[Records from a data collection]
[Start of section]

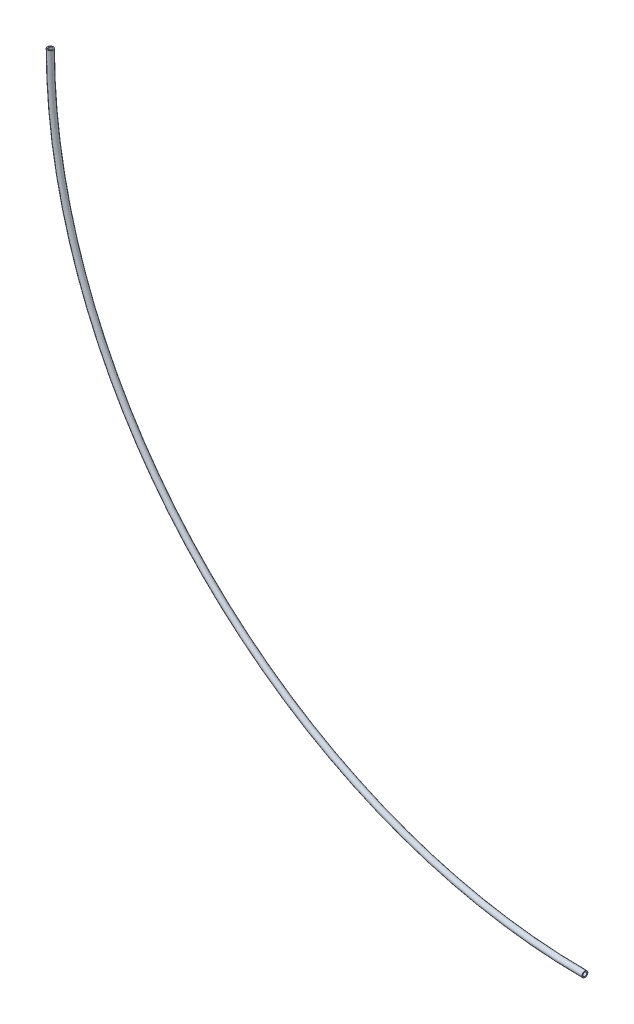
from build123d import *

# Parameters (mm, degrees)
SWEEP_1_PROFILE_R   = 6
SWEEP_1_PROFILE_R_2 = 4


with BuildPart() as part:
    # 扫描-薄件1: sweep along a path in 草图1
    with BuildLine(Plane.XY) as sweep_1_path:
        ThreePointArc((-1100, 0), (-777.817459305, -777.817459305), (0, -1100))
    # 扫描-薄件1 profile (on start of the path) → 扫描-薄件1 (sweep)
    with BuildSketch(Plane(origin=(-1100, 0, 0), x_dir=(-1, 0, 0), z_dir=(0, -1, 0))):
        Circle(SWEEP_1_PROFILE_R)
        Circle(SWEEP_1_PROFILE_R_2, mode=Mode.SUBTRACT)
    sweep(path=sweep_1_path.line)


solid = part.part
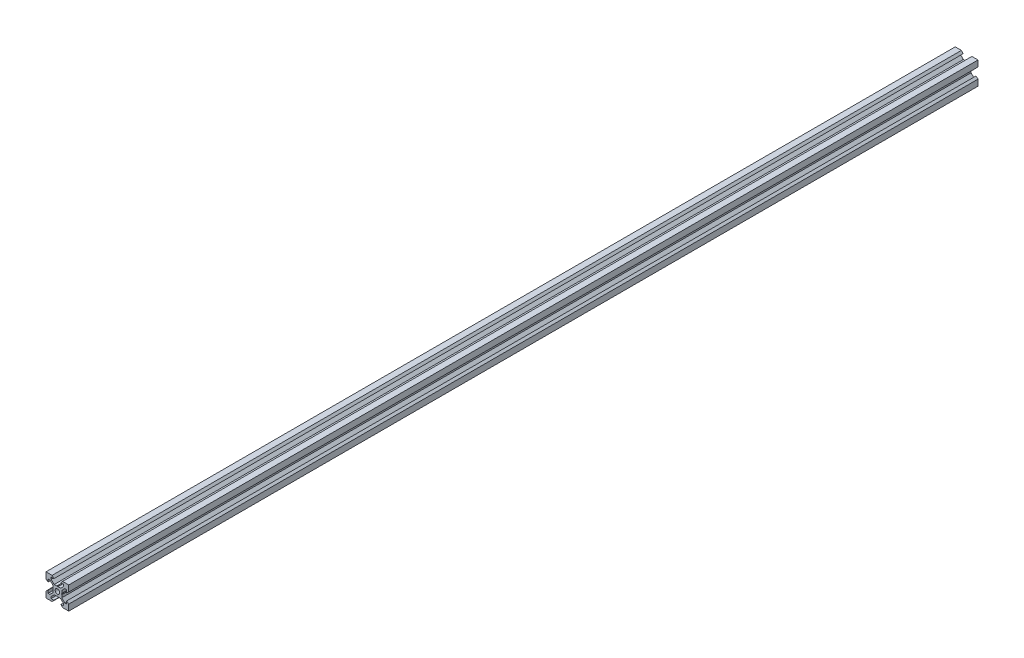
from build123d import *

# Parameters (mm, degrees)
SKETCH1_R           = 2
BOSS_EXTRUDE1_DEPTH = 400


with BuildPart() as part:
    # Sketch1 → Boss-Extrude1 (new, symmetric)
    with BuildSketch(Plane.XY):
        Polygon((10, 10), (10, 4.610379336), (8.2, 3.1), (8.2, 5.5), (6.560660172, 5.5), (3.9, 2.839339828), (3.9, 0.519615242), (3.6, 0), (3.9, -0.519615242), (3.9, -2.839339828), (6.560660172, -5.5), (8.2, -5.5), (8.2, -3.1), (10, -4.610379336), (10, -10), (4.610379336, -10), (3.1, -8.2), (5.5, -8.2), (5.5, -6.560660172), (2.839339828, -3.9), (0.519615242, -3.9), (0, -3.6), (-0.519615242, -3.9), (-2.839339828, -3.9), (-5.5, -6.560660172), (-5.5, -8.2), (-3.1, -8.2), (-4.610379336, -10), (-10, -10), (-10, -4.610379336), (-8.2, -3.1), (-8.2, -5.5), (-6.560660172, -5.5), (-3.9, -2.839339828), (-3.9, -0.519615242), (-3.6, 0), (-3.9, 0.519615242), (-3.9, 2.839339828), (-6.560660172, 5.5), (-8.2, 5.5), (-8.2, 3.1), (-10, 4.610379336), (-10, 10), (-4.610379336, 10), (-3.1, 8.2), (-5.5, 8.2), (-5.5, 6.560660172), (-2.839339828, 3.9), (-0.519615242, 3.9), (0, 3.6), (0.519615242, 3.9), (2.839339828, 3.9), (5.5, 6.560660172), (5.5, 8.2), (3.1, 8.2), (4.610379336, 10), align=None)
        Circle(SKETCH1_R, mode=Mode.SUBTRACT)
    extrude(amount=BOSS_EXTRUDE1_DEPTH, both=True)


solid = part.part

[End of section]

> [What this task involves]:
The entries above need to be output again in full, exactly, and without pictures.

> [Answer below]:
from build123d import *

# Parameters (mm, degrees)
SWEEP_1_PROFILE_R   = 6
SWEEP_1_PROFILE_R_2 = 4


with BuildPart() as part:
    # 扫描-薄件1: sweep along a path in 草图1
    with BuildLine(Plane.XY) as sweep_1_path:
        ThreePointArc((-1100, 0), (-777.817459305, -777.817459305), (0, -1100))
    # 扫描-薄件1 profile (on start of the path) → 扫描-薄件1 (sweep)
    with BuildSketch(Plane(origin=(-1100, 0, 0), x_dir=(-1, 0, 0), z_dir=(0, -1, 0))):
        Circle(SWEEP_1_PROFILE_R)
        Circle(SWEEP_1_PROFILE_R_2, mode=Mode.SUBTRACT)
    sweep(path=sweep_1_path.line)


solid = part.part
from build123d import *

# Parameters (mm, degrees)
SKETCH1_R           = 2
BOSS_EXTRUDE1_DEPTH = 400


with BuildPart() as part:
    # Sketch1 → Boss-Extrude1 (new, symmetric)
    with BuildSketch(Plane.XY):
        Polygon((10, 10), (10, 4.610379336), (8.2, 3.1), (8.2, 5.5), (6.560660172, 5.5), (3.9, 2.839339828), (3.9, 0.519615242), (3.6, 0), (3.9, -0.519615242), (3.9, -2.839339828), (6.560660172, -5.5), (8.2, -5.5), (8.2, -3.1), (10, -4.610379336), (10, -10), (4.610379336, -10), (3.1, -8.2), (5.5, -8.2), (5.5, -6.560660172), (2.839339828, -3.9), (0.519615242, -3.9), (0, -3.6), (-0.519615242, -3.9), (-2.839339828, -3.9), (-5.5, -6.560660172), (-5.5, -8.2), (-3.1, -8.2), (-4.610379336, -10), (-10, -10), (-10, -4.610379336), (-8.2, -3.1), (-8.2, -5.5), (-6.560660172, -5.5), (-3.9, -2.839339828), (-3.9, -0.519615242), (-3.6, 0), (-3.9, 0.519615242), (-3.9, 2.839339828), (-6.560660172, 5.5), (-8.2, 5.5), (-8.2, 3.1), (-10, 4.610379336), (-10, 10), (-4.610379336, 10), (-3.1, 8.2), (-5.5, 8.2), (-5.5, 6.560660172), (-2.839339828, 3.9), (-0.519615242, 3.9), (0, 3.6), (0.519615242, 3.9), (2.839339828, 3.9), (5.5, 6.560660172), (5.5, 8.2), (3.1, 8.2), (4.610379336, 10), align=None)
        Circle(SKETCH1_R, mode=Mode.SUBTRACT)
    extrude(amount=BOSS_EXTRUDE1_DEPTH, both=True)


solid = part.part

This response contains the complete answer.